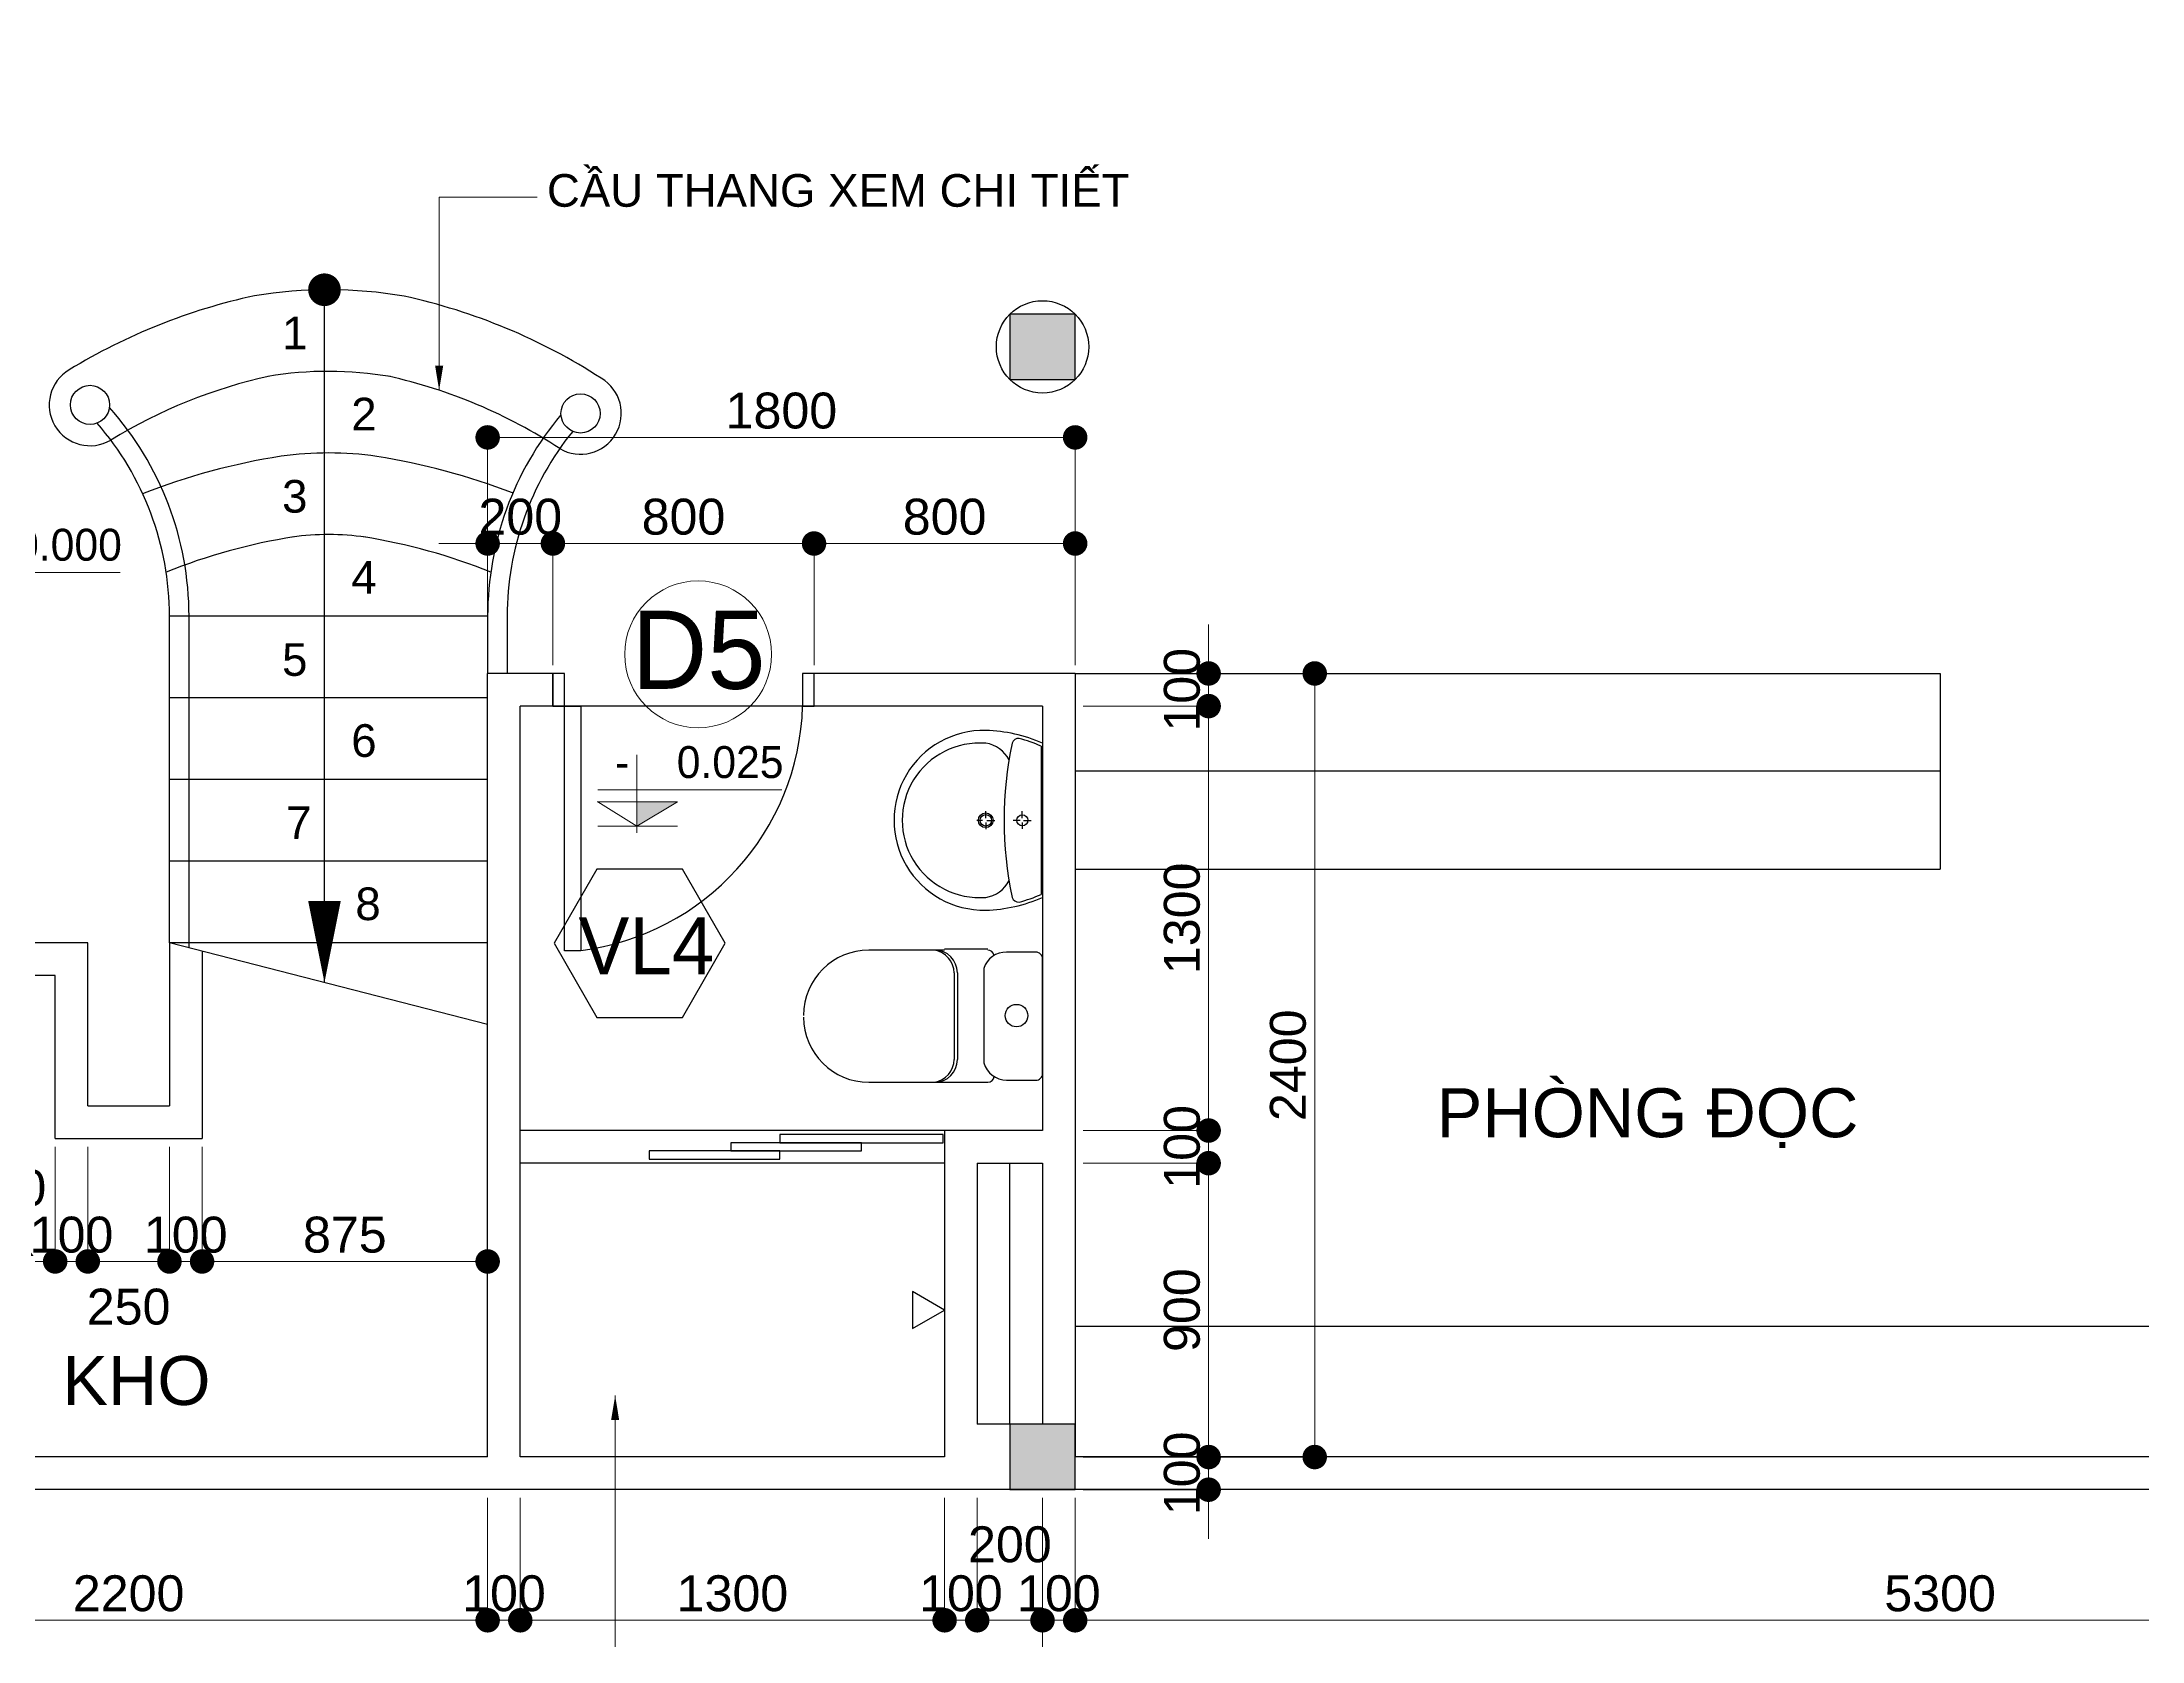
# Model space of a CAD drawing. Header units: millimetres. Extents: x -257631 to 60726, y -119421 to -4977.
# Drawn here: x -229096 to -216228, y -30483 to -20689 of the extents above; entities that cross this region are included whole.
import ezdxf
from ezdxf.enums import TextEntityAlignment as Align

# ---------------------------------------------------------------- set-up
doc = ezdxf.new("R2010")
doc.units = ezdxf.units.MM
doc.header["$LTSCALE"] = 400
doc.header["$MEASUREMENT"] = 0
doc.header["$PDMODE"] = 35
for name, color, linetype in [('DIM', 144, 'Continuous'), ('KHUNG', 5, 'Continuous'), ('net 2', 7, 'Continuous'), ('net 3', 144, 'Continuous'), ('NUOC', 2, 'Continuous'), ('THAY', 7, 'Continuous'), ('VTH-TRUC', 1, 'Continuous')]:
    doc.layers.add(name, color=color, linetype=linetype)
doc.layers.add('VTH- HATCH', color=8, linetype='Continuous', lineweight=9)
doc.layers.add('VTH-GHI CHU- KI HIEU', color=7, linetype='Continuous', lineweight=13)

──────────────────────────────

**What this task involves**
Once you have checked every line of the material above, return the ones that hold the string "import".

**Solution for this task**
import ezdxf
from ezdxf.enums import TextEntityAlignment as Align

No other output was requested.